About this task:
Produce an exact copy of the first line of the data below and each line after it, please, up to and including the one with "(0, 0)], dxfattribs=at)".

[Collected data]
^^^^

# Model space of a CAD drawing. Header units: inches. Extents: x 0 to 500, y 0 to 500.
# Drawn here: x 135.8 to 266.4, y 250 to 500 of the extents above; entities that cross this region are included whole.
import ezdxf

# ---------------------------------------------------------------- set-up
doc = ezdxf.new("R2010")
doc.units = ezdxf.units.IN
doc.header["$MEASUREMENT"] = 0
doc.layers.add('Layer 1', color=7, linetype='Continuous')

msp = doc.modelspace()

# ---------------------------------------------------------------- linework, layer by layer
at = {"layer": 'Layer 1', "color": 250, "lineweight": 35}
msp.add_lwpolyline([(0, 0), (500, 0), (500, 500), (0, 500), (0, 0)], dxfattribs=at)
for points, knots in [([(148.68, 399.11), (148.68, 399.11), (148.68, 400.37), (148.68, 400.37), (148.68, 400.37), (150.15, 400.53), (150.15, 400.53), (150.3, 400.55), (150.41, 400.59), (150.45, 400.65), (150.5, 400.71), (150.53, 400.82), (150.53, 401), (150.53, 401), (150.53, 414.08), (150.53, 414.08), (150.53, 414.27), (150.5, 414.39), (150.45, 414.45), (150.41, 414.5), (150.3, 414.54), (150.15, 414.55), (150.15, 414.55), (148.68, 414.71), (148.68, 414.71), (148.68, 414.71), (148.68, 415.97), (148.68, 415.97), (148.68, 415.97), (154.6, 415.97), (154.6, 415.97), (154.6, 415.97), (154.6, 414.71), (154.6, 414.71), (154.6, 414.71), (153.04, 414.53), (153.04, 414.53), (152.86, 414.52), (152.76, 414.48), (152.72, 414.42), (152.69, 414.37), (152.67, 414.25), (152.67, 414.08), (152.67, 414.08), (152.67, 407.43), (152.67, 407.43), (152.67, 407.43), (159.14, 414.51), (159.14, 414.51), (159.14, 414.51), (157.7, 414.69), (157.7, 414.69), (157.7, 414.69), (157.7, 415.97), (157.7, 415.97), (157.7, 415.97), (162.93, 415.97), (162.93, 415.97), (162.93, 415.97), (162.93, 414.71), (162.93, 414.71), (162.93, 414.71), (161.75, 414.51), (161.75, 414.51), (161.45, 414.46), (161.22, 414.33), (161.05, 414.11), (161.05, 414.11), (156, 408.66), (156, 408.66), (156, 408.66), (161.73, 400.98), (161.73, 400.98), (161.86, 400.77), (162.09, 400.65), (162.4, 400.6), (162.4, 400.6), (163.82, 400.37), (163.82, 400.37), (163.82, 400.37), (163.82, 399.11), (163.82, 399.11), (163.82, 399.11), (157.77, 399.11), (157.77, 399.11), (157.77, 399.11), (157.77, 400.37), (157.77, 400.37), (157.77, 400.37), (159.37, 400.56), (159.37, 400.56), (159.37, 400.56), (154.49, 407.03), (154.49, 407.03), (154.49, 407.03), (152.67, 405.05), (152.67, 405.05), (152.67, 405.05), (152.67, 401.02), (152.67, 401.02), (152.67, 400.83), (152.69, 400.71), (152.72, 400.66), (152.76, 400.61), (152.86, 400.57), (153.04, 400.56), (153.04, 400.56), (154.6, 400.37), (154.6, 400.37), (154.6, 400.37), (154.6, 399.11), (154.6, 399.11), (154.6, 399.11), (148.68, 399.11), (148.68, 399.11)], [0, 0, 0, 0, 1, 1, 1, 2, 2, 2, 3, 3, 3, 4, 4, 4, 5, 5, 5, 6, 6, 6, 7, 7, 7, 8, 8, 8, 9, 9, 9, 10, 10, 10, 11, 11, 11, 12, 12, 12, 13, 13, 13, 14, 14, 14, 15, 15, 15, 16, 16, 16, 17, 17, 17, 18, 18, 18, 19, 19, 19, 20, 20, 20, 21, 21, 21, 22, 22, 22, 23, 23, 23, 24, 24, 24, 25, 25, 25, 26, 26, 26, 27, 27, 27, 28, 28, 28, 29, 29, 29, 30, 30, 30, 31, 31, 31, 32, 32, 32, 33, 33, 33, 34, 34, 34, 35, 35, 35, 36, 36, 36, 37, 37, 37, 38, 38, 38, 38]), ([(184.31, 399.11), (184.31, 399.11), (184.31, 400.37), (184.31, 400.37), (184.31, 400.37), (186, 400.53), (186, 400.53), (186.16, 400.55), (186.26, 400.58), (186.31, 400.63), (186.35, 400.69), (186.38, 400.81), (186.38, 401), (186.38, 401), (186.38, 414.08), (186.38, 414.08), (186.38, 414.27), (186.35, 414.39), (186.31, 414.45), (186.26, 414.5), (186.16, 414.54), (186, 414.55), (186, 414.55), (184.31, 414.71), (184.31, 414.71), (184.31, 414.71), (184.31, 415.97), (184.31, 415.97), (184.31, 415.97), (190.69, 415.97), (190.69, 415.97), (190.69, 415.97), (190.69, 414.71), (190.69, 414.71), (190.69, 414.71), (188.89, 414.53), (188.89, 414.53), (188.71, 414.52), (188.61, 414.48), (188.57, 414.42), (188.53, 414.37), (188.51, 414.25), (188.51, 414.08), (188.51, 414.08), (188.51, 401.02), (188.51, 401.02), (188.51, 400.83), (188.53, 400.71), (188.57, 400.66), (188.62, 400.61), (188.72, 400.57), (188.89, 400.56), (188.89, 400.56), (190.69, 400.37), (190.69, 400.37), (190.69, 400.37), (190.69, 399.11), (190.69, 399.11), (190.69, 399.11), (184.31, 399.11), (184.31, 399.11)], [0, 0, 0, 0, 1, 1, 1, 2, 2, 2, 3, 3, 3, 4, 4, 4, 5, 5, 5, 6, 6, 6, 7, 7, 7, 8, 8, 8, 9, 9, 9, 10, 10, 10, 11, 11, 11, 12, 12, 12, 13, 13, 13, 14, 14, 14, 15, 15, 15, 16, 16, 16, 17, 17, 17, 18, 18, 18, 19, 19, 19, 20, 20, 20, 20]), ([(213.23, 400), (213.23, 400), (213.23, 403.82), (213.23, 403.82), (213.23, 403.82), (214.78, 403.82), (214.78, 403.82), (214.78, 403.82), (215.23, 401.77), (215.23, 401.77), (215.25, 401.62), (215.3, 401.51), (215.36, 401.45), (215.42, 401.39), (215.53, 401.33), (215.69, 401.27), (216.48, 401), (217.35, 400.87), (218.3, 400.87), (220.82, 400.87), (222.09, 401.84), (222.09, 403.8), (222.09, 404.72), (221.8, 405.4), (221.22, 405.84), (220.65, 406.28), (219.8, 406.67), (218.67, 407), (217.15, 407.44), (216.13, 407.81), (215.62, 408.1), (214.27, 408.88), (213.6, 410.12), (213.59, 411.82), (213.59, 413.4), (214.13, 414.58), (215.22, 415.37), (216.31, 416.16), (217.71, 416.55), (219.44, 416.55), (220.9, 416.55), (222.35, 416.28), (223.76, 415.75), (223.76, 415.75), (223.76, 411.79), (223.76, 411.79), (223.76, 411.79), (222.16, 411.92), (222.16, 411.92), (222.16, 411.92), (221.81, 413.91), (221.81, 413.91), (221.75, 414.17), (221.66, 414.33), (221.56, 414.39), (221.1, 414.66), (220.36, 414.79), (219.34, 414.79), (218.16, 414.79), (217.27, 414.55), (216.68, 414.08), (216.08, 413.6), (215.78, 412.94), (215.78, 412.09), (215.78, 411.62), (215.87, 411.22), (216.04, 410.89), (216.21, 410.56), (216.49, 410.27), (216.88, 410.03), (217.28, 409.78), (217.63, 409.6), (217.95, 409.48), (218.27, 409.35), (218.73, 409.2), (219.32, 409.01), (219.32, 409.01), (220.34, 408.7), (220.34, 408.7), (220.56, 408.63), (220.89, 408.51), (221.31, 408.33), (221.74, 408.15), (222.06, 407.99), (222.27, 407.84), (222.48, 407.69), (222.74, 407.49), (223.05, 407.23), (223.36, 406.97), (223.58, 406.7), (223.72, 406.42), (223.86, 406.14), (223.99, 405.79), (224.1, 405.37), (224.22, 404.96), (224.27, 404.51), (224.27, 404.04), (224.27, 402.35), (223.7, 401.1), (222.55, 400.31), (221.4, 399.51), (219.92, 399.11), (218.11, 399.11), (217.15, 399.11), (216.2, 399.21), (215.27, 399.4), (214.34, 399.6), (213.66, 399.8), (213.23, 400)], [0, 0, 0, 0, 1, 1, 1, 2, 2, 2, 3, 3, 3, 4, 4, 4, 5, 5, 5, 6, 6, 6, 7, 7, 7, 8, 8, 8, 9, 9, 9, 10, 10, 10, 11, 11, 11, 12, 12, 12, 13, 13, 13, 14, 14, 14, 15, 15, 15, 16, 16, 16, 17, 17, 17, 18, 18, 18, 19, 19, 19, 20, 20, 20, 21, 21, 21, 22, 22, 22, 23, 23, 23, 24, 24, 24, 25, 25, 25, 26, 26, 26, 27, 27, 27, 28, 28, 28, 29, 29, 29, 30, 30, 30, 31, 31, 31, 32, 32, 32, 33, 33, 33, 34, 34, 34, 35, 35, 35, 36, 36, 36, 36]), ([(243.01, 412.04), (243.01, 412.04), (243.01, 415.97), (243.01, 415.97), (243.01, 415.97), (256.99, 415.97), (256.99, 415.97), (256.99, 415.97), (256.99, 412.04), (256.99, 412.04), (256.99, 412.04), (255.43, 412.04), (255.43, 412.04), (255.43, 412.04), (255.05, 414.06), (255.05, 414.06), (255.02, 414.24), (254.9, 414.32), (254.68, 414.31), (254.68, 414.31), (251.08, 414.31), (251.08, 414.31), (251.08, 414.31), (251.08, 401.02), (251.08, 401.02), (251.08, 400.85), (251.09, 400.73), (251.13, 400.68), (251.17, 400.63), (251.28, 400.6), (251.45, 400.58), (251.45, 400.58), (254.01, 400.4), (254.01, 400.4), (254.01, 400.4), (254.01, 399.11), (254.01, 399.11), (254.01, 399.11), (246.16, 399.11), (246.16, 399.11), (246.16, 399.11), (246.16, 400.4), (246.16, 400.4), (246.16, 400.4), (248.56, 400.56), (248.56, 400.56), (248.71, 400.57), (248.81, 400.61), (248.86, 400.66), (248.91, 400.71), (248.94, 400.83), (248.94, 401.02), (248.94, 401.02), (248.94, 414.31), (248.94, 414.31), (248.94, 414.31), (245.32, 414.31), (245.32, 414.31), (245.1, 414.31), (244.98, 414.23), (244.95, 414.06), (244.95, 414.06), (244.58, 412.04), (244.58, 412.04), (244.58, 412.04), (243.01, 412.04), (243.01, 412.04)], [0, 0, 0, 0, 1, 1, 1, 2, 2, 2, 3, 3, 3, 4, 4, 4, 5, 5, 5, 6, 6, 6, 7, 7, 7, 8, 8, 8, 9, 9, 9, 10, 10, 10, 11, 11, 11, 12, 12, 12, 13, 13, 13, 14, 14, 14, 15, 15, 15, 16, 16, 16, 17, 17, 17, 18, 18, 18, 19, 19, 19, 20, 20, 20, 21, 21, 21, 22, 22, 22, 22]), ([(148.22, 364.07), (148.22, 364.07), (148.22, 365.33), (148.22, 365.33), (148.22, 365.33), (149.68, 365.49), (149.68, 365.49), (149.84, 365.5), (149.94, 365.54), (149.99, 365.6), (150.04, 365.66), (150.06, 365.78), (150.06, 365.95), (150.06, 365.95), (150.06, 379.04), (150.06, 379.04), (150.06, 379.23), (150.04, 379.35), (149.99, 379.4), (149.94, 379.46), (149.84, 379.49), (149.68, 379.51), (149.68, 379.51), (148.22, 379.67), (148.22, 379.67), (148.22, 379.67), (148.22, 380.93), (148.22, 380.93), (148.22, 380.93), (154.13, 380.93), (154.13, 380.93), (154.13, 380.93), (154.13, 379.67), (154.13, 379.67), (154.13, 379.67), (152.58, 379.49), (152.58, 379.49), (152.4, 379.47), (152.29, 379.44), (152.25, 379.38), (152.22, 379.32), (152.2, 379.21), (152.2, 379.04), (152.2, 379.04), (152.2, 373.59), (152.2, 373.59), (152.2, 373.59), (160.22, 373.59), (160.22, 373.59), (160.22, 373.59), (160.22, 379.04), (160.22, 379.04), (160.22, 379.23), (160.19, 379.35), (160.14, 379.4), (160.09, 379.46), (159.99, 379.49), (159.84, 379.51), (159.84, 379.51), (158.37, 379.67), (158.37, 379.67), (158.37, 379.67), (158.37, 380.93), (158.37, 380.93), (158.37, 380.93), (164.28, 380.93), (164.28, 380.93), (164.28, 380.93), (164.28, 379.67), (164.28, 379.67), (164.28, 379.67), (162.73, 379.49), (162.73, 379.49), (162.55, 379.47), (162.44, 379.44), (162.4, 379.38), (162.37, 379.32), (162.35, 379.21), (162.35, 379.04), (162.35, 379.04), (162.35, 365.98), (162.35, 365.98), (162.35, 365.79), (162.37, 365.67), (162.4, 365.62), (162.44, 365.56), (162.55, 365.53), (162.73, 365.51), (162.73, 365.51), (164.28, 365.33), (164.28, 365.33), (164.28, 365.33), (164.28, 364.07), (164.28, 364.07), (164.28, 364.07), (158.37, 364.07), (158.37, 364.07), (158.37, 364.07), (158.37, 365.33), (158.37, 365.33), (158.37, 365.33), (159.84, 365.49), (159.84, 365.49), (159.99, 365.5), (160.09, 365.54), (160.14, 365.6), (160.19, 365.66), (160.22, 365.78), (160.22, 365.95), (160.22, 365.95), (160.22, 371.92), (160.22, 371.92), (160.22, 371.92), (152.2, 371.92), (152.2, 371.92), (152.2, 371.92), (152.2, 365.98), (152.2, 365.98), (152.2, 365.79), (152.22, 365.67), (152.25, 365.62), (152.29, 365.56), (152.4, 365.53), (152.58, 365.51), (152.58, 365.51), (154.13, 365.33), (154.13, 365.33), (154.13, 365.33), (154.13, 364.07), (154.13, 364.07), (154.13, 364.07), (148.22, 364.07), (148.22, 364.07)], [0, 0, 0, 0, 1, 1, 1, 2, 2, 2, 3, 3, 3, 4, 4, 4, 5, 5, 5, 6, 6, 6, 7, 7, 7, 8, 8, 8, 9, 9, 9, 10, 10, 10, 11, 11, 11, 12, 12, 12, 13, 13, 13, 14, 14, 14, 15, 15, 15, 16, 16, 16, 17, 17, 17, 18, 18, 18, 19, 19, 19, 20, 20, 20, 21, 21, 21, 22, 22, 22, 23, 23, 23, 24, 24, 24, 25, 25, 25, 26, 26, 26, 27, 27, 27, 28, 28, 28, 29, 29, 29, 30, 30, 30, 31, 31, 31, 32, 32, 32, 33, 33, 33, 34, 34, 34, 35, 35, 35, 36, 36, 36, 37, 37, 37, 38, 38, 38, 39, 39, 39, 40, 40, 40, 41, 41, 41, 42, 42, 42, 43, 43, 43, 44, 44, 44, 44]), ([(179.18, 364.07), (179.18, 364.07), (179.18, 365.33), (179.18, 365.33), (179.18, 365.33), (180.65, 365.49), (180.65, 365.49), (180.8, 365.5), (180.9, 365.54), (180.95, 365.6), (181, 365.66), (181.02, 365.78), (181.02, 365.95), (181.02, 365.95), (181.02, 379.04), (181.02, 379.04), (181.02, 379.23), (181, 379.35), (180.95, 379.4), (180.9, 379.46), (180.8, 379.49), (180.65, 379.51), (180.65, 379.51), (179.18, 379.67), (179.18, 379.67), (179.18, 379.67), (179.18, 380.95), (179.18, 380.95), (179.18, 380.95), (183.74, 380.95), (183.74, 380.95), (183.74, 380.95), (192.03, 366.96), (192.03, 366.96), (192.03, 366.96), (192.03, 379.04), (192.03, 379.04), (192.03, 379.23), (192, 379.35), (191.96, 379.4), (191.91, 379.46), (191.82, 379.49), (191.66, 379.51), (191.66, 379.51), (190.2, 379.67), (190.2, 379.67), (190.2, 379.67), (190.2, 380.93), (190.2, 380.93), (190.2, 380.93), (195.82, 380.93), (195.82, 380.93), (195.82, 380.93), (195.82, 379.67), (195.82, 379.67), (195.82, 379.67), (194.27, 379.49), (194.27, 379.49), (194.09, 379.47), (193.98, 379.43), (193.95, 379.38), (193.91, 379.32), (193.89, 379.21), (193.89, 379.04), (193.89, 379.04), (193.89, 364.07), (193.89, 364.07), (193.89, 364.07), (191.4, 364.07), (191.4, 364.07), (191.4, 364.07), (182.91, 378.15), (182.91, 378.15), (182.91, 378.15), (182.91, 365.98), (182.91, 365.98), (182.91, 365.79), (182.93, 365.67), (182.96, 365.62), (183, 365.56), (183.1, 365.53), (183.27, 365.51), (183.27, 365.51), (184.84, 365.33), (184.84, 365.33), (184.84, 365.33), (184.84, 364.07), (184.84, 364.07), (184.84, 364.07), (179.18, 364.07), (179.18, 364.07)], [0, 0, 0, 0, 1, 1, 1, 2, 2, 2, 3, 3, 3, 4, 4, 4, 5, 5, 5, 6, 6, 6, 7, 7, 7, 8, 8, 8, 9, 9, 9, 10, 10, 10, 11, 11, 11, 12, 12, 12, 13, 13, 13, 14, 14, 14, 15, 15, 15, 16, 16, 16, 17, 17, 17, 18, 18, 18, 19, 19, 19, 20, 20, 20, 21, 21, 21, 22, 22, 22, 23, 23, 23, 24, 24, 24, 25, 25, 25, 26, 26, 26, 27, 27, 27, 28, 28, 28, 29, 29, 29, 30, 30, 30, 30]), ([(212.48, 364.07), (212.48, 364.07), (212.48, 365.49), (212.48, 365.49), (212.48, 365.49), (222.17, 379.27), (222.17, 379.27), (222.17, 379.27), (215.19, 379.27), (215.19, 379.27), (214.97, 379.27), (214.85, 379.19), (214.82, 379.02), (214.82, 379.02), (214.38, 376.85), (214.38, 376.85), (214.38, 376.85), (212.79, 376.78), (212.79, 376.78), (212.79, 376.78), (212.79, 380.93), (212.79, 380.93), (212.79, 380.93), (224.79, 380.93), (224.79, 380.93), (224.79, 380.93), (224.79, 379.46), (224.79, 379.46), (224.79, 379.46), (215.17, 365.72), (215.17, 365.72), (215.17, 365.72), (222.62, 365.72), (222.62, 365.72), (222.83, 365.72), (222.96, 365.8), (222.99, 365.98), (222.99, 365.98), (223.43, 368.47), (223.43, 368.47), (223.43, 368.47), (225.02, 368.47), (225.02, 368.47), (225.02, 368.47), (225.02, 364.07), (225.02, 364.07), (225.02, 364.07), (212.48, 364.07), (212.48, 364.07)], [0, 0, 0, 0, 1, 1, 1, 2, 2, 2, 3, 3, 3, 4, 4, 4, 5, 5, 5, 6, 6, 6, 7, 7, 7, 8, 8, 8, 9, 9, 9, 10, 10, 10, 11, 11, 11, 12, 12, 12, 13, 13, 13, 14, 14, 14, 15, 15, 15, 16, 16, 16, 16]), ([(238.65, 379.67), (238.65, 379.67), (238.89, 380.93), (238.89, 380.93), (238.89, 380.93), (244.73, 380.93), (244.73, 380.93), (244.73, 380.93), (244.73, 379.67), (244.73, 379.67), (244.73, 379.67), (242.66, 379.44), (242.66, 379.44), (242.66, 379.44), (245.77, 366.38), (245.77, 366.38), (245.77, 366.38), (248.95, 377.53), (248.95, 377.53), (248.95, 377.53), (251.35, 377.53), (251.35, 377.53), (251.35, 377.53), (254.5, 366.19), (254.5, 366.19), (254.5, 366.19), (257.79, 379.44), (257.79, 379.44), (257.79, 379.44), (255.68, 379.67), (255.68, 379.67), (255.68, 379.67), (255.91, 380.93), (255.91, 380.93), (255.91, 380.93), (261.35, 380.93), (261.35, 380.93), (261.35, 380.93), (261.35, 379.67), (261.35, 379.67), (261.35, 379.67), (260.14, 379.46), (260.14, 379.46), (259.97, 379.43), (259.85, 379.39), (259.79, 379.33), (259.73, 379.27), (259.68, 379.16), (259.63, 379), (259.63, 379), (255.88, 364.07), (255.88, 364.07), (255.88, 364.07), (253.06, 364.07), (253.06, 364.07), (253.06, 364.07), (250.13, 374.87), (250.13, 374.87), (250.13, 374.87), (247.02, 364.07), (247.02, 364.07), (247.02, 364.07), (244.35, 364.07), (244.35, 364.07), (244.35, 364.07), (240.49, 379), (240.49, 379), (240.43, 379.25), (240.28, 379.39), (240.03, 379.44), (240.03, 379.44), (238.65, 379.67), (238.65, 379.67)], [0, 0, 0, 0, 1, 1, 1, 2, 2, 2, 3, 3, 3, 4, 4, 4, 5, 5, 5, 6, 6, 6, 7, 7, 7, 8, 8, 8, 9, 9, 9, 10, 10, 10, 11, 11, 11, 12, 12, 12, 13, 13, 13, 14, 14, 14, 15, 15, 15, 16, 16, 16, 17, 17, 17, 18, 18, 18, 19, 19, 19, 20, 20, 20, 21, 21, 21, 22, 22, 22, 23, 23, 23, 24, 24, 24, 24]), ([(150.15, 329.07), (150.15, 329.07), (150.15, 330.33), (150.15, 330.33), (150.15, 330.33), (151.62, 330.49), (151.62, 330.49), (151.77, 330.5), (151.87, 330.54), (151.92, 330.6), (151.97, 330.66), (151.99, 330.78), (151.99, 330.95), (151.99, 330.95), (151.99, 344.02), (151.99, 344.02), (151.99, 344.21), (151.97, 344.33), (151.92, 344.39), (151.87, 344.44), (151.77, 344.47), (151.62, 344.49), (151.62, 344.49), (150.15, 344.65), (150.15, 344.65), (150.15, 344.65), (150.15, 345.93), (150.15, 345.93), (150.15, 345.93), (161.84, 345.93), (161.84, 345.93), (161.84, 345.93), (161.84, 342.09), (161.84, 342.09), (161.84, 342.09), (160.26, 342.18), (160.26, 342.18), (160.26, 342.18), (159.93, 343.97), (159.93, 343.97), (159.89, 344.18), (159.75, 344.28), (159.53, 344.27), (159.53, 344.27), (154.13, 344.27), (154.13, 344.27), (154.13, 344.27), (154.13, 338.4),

^^^^

Result:
# Model space of a CAD drawing. Header units: inches. Extents: x 0 to 500, y 0 to 500.
# Drawn here: x 135.8 to 266.4, y 250 to 500 of the extents above; entities that cross this region are included whole.
import ezdxf

# ---------------------------------------------------------------- set-up
doc = ezdxf.new("R2010")
doc.units = ezdxf.units.IN
doc.header["$MEASUREMENT"] = 0
doc.layers.add('Layer 1', color=7, linetype='Continuous')

msp = doc.modelspace()

# ---------------------------------------------------------------- linework, layer by layer
at = {"layer": 'Layer 1', "color": 250, "lineweight": 35}
msp.add_lwpolyline([(0, 0), (500, 0), (500, 500), (0, 500), (0, 0)], dxfattribs=at)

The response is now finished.